When the graph of a linear function passes through the points A (x_{1}, y_{1}) and B (x_{2}, y_{2}), then the equation can be written as:

$y-y_{1}=\frac{y_{2}-y_{1}}{x_{2}-x_{1}}(x-x_{1})$

It can also be written as:

$\frac{y-y_{1}}{y_{2}-y_{1}}=\frac{x-x_{1}}{x_{2}-x_{1}}$

For verifying this equation let P(x,y) be any point on the given line that passes through A(x$_{1}$,y$_{1}$) and B(x$_{2}$,y$_{2}$), as shown in the graph above. From A and B, we draw AL and BN that is perpendicular to the X-axis. From point P, we draw PM that is also perpendicular to the X-axis. Also, from A draw a line that is perpendicular to AD on BN.

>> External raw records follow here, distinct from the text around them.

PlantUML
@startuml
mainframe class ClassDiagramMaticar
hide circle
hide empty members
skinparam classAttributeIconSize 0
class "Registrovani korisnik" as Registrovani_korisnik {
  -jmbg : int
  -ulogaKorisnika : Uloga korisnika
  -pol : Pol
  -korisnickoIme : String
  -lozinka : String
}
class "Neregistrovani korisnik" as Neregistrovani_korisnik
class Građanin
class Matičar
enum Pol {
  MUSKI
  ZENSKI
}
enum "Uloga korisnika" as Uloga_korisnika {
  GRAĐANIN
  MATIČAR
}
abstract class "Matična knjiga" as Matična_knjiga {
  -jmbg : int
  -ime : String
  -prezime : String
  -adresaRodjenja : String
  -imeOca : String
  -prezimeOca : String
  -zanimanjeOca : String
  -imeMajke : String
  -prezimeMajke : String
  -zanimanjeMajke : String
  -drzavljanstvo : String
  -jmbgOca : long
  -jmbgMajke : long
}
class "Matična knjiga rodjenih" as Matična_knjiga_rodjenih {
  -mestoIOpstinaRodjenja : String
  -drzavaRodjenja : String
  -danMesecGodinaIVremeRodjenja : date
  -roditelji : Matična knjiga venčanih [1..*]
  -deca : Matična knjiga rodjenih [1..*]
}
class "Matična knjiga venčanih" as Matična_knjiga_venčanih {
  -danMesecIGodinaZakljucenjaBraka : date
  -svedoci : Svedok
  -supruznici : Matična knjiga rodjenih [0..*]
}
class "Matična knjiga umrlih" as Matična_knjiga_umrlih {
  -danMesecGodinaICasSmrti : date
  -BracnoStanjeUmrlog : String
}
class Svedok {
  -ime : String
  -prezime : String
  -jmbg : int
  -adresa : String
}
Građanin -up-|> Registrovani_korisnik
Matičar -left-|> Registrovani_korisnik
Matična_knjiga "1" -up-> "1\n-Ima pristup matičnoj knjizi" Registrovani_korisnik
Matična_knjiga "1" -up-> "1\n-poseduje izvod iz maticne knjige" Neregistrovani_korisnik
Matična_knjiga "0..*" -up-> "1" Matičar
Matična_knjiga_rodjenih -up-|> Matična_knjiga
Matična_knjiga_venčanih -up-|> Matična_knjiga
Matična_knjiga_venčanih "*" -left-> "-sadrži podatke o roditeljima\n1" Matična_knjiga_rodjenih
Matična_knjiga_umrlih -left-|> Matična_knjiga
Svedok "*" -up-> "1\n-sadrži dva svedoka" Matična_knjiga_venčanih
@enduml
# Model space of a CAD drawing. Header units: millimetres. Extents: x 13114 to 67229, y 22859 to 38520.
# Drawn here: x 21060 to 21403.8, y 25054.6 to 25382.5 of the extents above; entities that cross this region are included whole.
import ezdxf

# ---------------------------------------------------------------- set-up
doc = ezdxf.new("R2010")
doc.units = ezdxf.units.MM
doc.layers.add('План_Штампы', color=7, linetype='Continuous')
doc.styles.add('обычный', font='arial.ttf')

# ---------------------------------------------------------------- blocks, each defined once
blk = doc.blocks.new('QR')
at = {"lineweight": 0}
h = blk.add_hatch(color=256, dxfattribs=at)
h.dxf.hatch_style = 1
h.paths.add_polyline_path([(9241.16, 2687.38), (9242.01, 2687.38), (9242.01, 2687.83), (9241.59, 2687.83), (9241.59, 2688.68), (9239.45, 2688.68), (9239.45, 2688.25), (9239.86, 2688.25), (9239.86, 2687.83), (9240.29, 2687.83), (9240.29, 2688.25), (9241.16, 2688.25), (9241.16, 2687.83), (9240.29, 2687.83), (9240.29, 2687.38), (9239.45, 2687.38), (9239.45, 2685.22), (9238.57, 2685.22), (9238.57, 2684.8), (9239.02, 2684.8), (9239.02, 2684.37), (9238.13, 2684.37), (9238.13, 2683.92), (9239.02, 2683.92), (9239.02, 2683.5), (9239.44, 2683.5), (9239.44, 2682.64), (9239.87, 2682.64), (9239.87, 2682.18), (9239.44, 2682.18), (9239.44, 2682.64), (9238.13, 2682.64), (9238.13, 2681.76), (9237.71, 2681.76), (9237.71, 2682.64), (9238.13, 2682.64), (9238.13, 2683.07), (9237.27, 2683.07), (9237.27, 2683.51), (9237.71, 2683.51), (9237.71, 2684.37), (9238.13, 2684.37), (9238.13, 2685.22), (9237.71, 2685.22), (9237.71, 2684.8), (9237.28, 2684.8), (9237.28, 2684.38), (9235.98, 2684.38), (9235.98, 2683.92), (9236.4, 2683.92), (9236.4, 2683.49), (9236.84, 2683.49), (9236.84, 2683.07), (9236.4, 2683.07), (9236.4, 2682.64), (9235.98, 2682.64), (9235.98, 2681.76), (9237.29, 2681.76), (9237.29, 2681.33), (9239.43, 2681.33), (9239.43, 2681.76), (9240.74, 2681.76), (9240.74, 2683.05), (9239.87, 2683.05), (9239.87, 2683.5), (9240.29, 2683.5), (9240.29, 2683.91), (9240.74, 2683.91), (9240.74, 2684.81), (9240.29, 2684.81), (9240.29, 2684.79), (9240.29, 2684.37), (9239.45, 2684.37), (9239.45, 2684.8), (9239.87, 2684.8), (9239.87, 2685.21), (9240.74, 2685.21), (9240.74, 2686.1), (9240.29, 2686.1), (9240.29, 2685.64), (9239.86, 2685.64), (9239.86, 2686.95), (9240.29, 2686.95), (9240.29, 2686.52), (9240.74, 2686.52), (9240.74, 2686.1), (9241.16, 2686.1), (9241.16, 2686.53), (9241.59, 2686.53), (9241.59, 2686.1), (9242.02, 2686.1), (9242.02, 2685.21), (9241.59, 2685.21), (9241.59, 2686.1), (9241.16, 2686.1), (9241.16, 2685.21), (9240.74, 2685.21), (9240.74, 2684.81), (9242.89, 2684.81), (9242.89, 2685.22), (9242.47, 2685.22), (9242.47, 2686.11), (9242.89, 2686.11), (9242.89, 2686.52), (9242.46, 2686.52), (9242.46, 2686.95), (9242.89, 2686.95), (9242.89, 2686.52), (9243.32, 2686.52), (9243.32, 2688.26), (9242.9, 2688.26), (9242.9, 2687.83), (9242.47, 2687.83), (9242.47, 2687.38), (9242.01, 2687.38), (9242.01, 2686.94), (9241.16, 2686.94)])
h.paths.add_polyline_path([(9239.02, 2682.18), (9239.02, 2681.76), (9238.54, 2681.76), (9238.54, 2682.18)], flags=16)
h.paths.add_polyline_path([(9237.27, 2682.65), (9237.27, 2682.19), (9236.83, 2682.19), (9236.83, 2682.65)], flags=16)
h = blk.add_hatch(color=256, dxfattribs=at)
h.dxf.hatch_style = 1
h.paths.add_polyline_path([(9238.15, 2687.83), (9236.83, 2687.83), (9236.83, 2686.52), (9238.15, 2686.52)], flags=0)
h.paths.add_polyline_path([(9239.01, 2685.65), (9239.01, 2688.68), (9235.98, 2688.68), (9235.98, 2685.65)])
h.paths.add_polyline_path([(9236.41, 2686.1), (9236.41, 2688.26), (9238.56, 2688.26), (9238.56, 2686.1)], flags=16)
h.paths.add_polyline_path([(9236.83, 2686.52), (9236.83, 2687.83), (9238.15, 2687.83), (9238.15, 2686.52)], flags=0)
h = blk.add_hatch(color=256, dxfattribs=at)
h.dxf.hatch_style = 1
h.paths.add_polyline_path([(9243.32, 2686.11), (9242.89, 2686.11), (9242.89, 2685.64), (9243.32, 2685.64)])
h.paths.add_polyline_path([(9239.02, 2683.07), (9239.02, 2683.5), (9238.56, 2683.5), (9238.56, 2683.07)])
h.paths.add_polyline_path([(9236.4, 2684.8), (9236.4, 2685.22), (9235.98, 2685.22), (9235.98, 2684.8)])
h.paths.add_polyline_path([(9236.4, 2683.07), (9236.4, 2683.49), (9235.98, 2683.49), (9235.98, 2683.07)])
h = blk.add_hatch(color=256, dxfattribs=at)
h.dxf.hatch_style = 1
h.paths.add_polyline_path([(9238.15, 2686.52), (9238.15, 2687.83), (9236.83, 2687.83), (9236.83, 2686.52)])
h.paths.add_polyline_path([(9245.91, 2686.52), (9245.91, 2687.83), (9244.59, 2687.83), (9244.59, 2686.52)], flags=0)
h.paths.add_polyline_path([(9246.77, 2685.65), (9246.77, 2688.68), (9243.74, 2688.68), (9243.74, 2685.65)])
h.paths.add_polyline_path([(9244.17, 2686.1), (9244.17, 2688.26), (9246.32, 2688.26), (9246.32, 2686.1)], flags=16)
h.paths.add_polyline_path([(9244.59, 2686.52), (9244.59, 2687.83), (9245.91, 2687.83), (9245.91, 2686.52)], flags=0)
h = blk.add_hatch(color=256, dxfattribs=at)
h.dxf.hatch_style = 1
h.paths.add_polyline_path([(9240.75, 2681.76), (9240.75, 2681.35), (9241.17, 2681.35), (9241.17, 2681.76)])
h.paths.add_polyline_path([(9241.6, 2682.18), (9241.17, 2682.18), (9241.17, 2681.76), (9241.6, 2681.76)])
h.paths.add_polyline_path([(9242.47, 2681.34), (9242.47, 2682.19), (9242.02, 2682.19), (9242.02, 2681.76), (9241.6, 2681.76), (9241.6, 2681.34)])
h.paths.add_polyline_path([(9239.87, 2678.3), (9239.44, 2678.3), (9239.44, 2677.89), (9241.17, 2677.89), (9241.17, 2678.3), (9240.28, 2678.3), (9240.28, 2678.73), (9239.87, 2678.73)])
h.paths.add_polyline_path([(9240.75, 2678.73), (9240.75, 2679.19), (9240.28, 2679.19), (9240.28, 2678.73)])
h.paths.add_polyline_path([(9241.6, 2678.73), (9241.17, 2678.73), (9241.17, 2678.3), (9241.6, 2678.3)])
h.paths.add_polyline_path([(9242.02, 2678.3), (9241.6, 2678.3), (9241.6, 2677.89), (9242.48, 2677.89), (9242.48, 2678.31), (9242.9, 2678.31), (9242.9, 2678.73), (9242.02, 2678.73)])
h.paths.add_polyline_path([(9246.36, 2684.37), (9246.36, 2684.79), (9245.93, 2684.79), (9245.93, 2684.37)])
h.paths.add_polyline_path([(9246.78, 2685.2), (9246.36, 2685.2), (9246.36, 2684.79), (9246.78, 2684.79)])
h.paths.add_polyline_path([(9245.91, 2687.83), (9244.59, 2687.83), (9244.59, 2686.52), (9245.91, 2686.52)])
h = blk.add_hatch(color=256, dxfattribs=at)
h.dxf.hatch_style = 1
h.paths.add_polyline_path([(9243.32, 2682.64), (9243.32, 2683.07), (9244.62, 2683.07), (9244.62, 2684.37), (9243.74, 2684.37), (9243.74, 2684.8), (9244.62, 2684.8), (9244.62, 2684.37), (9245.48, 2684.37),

Consider the similar triangles ADB and ACP constructed on the graph above. By the definition of a slope and similar triangles we can deduce that:

$\frac{PC}{BD}=\frac{AC}{AD}$

Likewise,

PC = PM -CM = y- y_{1}

BD=BN-DN = y_{2} – y_{1}

AC=LM=OM-ON = x-x_{1}

AD=LN=ON-OL=x_{2}-x_{1}

Substitute the point values: $\frac{PC}{BD}=\frac{AC}{AD}$

$\frac{y-y_{1}}{y_{2}-y_{1}}=\frac{x-x_{1}}{x_{2}-x_{1}}$

This equation can also be written as:

$y-y_{1}=\frac{y_{2}-y_{1}}{x_{2}-x_{1}}(x-x_{1})$

There is another way of deriving the two-point form of the equation of a line. Recall that the slope of the line AB is the ratio of the change in y to the change in x as shown in the equation below:

$m=\frac{y_{2}-y_{1}}{x_{2}-x_{1}}$

$\Delta y=m\Delta x$

$y-y_{1}=m(x-x_{1})$

Substitute the equation for m:

$y-y_{1}=\frac{y_{2}-y_{1}}{x_{2}-x_{1}}(x-x_{1})$

The two- form is the starting step to derive the standard equation of a line when two points are given.

**Example 1. Find a general form equation and point-slope form equation for the line through the pair of points (-1,2) and (5,/-4)?**

Let ordered pair (x$_{1}$, y$_{1}$) be (1, 2) and (x$_{2}$, y$_{2}$) be (5, -4). Substitute these values in the two-point form equation

$y-y_{1}=\frac{y_{2}-y_{1}}{x_{2}-x_{1}}(x-x_{1})$

$y-2=\frac{-4-2}{5-1}(x-1)$

$y-2=-\frac{6}{4}(x-1)$

$4(y-2)=-6(x-1)$

$4y-8=-6x-6$

$4y+6x-8+6=0$

$4y+6x-2=0$

The point intercept form can be written from the two-point form as:

$y-2=\frac{-4-2}{5-1}(x-1)$

$y-2=-\frac{6}{4}(x-1)$

Make y as the subject of the equation

$y=\frac{-6x+6}{4}+2$

$y=\frac{-6x}{4}+\frac{6}{4}+2$

$y=\frac{-3}{2}x+\frac{6}{4}+2$

$y=\frac{-3}{2}x+\frac{7}{2}$

Here, m = -3/2 and b=7/2

**Example 2. Write the two-point form and the general equation of the linear function y whose graph passes through the given pairs of points: (-1, 1) and (2, -4)**

Plugging (x₁ , y₁) = (-1, 1) and (x₂, y₂) = (2, -4), we get:

$\frac{y-1}{-4-1}=\frac{x+1}{2+1}$

Simplify the equation to get the general equation:

$\frac{y-1}{-5}=\frac{x+1}{3}$

$3(y-1)=-5(x+1)$

$3y-3=-5x-5$

$5x+3y+2=0$

The two-point method to derive a general equation can not be used for the vertical line.

Step 1. Find the slope:

$m=\frac{y_{2}-y_{1}}{x_{2}-x_{1}}$

$m=\frac{4-1}{2-2}=\frac{3}{0}=undefined$

We can convert the two-form equation as a function of x to obtain the general equation.

$y-y_{1}=\frac{y_{2}-y_{1}}{x_{2}-x_{1}}(x-x_{1})$

$y-y_{1}\frac{x_{2}-x_{1}}{ y_{2}-y_{1}}=x-x_{1}$

$y-1\frac{2-2}{4-1}=x-2$

$y-1\frac{0}{3}=x-2$

$o=x-2$

$x=2$